Human behavioural genetics had a bad past, particularly in Germany. Not much was known in the thirties. Guesswork was used to justify crime. Not much is known even now in the field, but this will change. Proper definitions of phenotypes will announce success. The phenotypes are still the domain of psychiatrists and pyschologists. At the moment phenotypes seem to me a muddle and the reason that success has been rather limited in this field of Human Genetics. Yet sooner or later this will change. Success will be reached when phenotypes can be correctly predicted from genotypes.

In the past, German psychiatrists did not hesitate to connect phenotypes with values. So it was their general habit to call schizophrenics minderwertig, leere HŽlsen or Ballastexistenzen. Then, as today, violent crime was regarded by human geneticists as a phenotype. Whole ethnic groups, like the Gypsies, were then believed to carry such alleles. After 1945 the counter-belief was announced that there are no genetic differences between ethnic groups with regard to behavioural genes. One avoided by that to state that genetically different persons should have equal rights. This dogma may break down soon. Therefore it is important that geneticists avoid connecting values with phenotypes and that they defend equal rights of genetically different persons. If they do not do so, we all may move into a global disaster.

Biography

Benno Müller-Hill was born in Freiburg i.Br., Germany in 1933. He studied chemistry in Freiburg and Munich. He worked for three years as a research fellow with Walter Gilbert in the laboratory of James Watson at Harvard University. In 1966, he isolated Lac repressor with Walter Gilbert, and in 1968 he became full professor at the Genetics Institute of Cologne University. His main area of research is protein-DNA interaction and gene control. He recently published a book entitled The lac Operon. A Short History of a Genetic Paradigm.
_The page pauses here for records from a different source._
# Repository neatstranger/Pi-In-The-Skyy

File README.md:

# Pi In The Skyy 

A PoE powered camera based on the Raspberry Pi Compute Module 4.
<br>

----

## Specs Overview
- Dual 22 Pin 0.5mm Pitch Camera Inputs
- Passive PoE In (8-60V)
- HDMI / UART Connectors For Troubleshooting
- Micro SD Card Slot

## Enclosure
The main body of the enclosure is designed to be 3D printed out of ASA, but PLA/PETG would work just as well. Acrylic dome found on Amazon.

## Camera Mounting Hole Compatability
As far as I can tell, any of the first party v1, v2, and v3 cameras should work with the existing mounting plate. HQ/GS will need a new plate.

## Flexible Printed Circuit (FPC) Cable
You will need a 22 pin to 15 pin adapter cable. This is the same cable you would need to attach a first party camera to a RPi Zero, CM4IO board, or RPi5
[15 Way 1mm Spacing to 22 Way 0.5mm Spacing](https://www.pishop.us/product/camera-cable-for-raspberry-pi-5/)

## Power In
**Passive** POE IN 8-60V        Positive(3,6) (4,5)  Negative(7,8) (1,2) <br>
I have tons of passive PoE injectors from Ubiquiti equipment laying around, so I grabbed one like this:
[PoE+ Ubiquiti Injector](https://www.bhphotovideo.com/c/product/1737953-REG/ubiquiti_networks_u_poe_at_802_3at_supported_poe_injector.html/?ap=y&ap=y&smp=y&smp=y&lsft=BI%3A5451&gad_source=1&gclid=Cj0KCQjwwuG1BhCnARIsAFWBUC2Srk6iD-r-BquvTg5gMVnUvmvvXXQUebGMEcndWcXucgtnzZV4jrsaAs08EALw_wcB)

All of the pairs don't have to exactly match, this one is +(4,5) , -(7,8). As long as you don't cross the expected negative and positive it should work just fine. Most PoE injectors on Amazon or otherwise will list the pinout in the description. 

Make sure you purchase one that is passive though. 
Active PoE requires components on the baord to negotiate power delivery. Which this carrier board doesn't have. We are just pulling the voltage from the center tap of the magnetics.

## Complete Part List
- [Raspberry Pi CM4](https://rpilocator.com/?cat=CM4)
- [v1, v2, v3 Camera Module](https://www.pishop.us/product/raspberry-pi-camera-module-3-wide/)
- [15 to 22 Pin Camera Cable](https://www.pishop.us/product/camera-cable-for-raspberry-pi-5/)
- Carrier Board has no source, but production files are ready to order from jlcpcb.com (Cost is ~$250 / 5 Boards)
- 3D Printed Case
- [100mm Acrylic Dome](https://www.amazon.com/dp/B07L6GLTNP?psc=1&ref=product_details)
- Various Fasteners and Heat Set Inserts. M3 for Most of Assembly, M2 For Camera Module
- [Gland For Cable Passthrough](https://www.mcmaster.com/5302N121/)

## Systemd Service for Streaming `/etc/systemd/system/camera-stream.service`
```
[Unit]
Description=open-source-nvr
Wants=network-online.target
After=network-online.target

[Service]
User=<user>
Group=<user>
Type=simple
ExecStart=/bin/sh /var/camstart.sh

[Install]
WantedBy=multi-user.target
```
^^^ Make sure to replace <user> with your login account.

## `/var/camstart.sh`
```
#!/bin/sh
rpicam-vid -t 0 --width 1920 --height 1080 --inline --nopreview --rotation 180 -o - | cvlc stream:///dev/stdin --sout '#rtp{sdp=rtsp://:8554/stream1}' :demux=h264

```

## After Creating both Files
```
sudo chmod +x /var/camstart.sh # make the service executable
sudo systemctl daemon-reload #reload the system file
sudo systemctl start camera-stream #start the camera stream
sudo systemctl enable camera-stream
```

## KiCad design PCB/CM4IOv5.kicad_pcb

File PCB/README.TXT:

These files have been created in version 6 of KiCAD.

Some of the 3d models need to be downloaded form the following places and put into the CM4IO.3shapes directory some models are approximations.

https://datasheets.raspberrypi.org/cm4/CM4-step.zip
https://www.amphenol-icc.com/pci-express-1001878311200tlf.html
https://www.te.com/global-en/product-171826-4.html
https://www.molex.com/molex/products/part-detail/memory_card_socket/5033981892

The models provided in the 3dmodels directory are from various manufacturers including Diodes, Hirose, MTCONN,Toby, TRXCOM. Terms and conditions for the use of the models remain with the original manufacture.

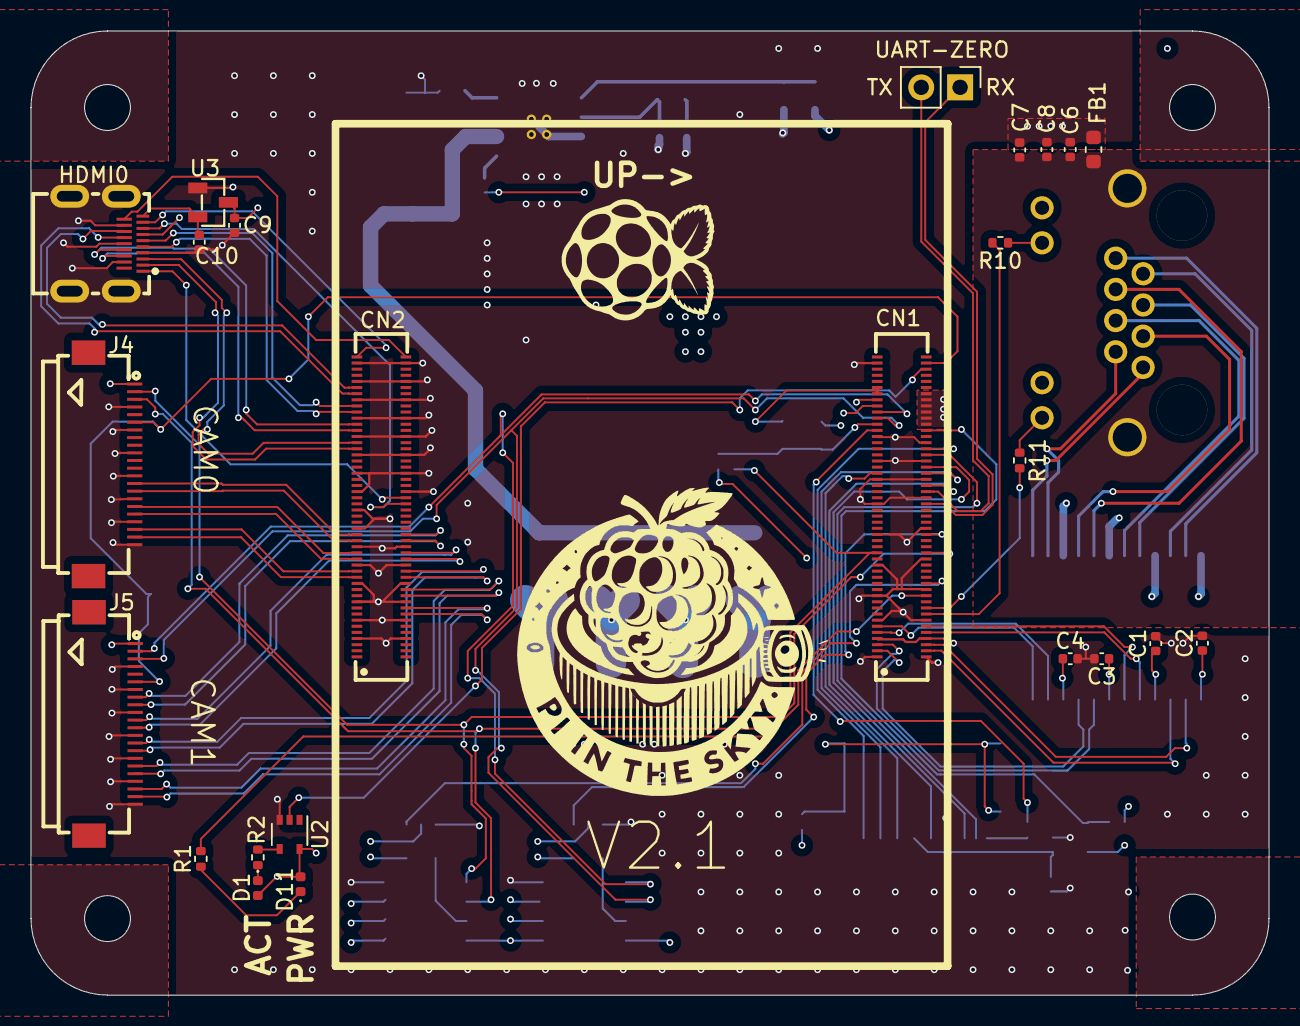
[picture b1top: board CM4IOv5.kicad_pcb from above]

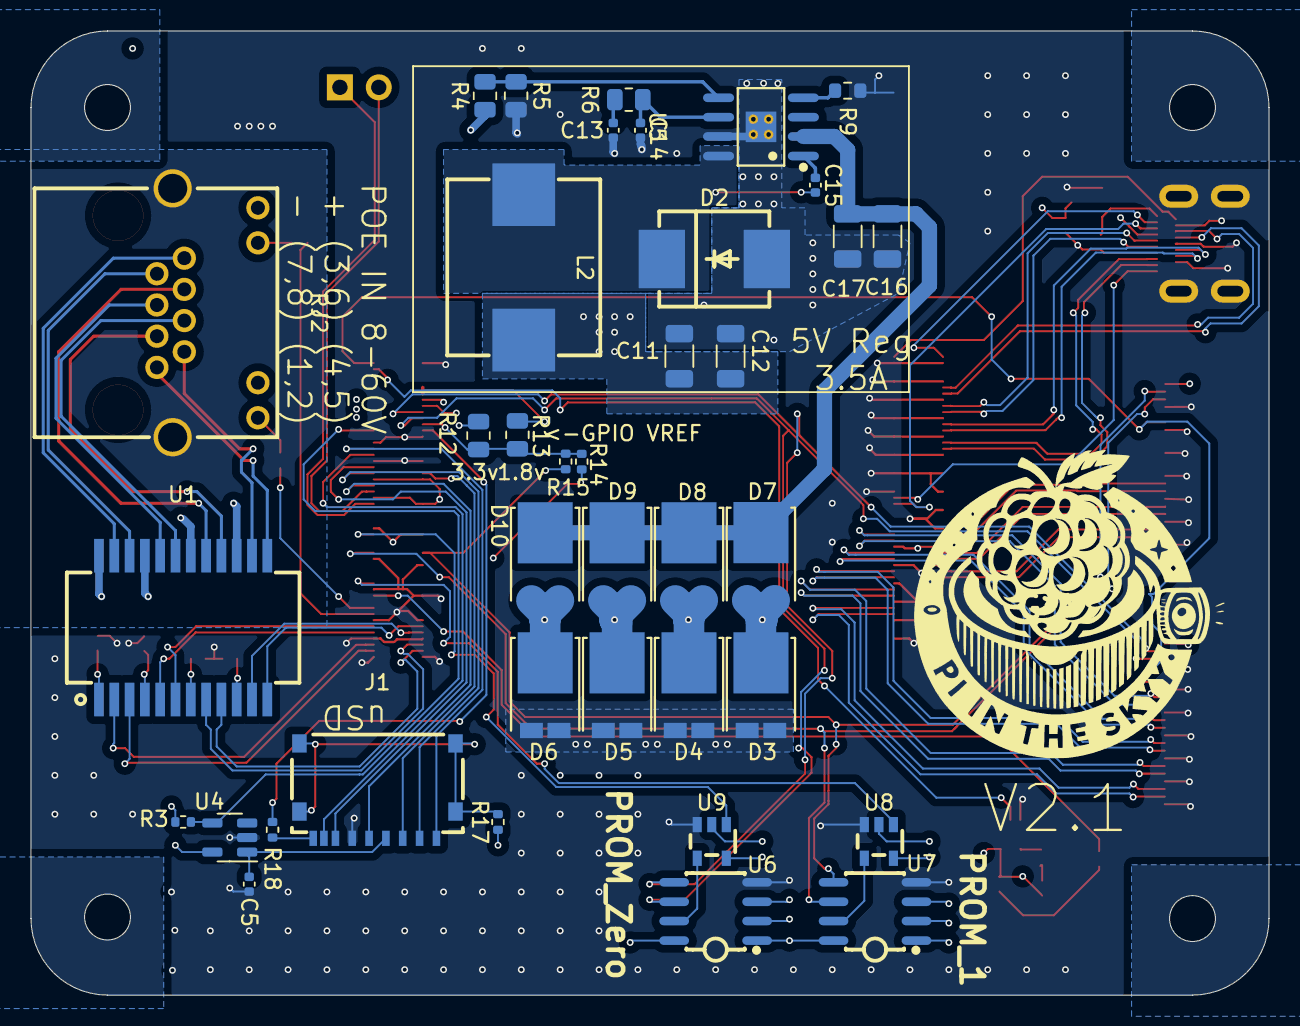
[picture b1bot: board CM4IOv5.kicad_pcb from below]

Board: 6 copper layers, 80.9 x 63.0 mm, 63 parts (38 on the bottom side), 97 nets.

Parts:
C1, C2, C3, C4, C6, C7, C8, C9, C10: 100n; C_0402_1005Metric
C5: 10u; C_0402_1005Metric
C11, C12: 47u; C_1206_3216Metric
C13: 6800p; C_0402_1005Metric
C14: 39p; C_0402_1005Metric
C15: 0.1u; C_0402_1005Metric
C16, C17: 2.2u; C_1206_3216Metric
CN1, CN2: DF40C-100DS-0.4V(51); CONN-SMD_DF40C-100DS-0.4V-51
D1: LED-RED; LED_0402_1005Metric
D2: B560C-13-F; SMC_L7.1-W6.2-LS8.1-RD
D3, D4, D5, D6, D7, D8, D9, D10: SB10100L; TO-277A_L4.7-W6.1-LS6.6-TR
D11: LED-Green; LED_0402_1005Metric
FB1: MPZ1608D101BTA00; L_0603_1608Metric
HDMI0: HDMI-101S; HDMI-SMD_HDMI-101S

In 1984 he published a book ["Tödliche Wissenschaft"] on the history of human genetics in Nazi Germany. The book has been translated into English [Murderous Science, Oxford University Press, 1988] and six other languages including Japanese and Hebrew. A paperback edition with an afterword by James Watson was recently published by Cold Spring Harbor Press.

He is an elected member of the European Molecular Biology Organisation [EMBO], the Human Genome Organisation [HUGO], the Acad emia Europaea and Honorary Fellow of the Hebrew University of Jerusalem.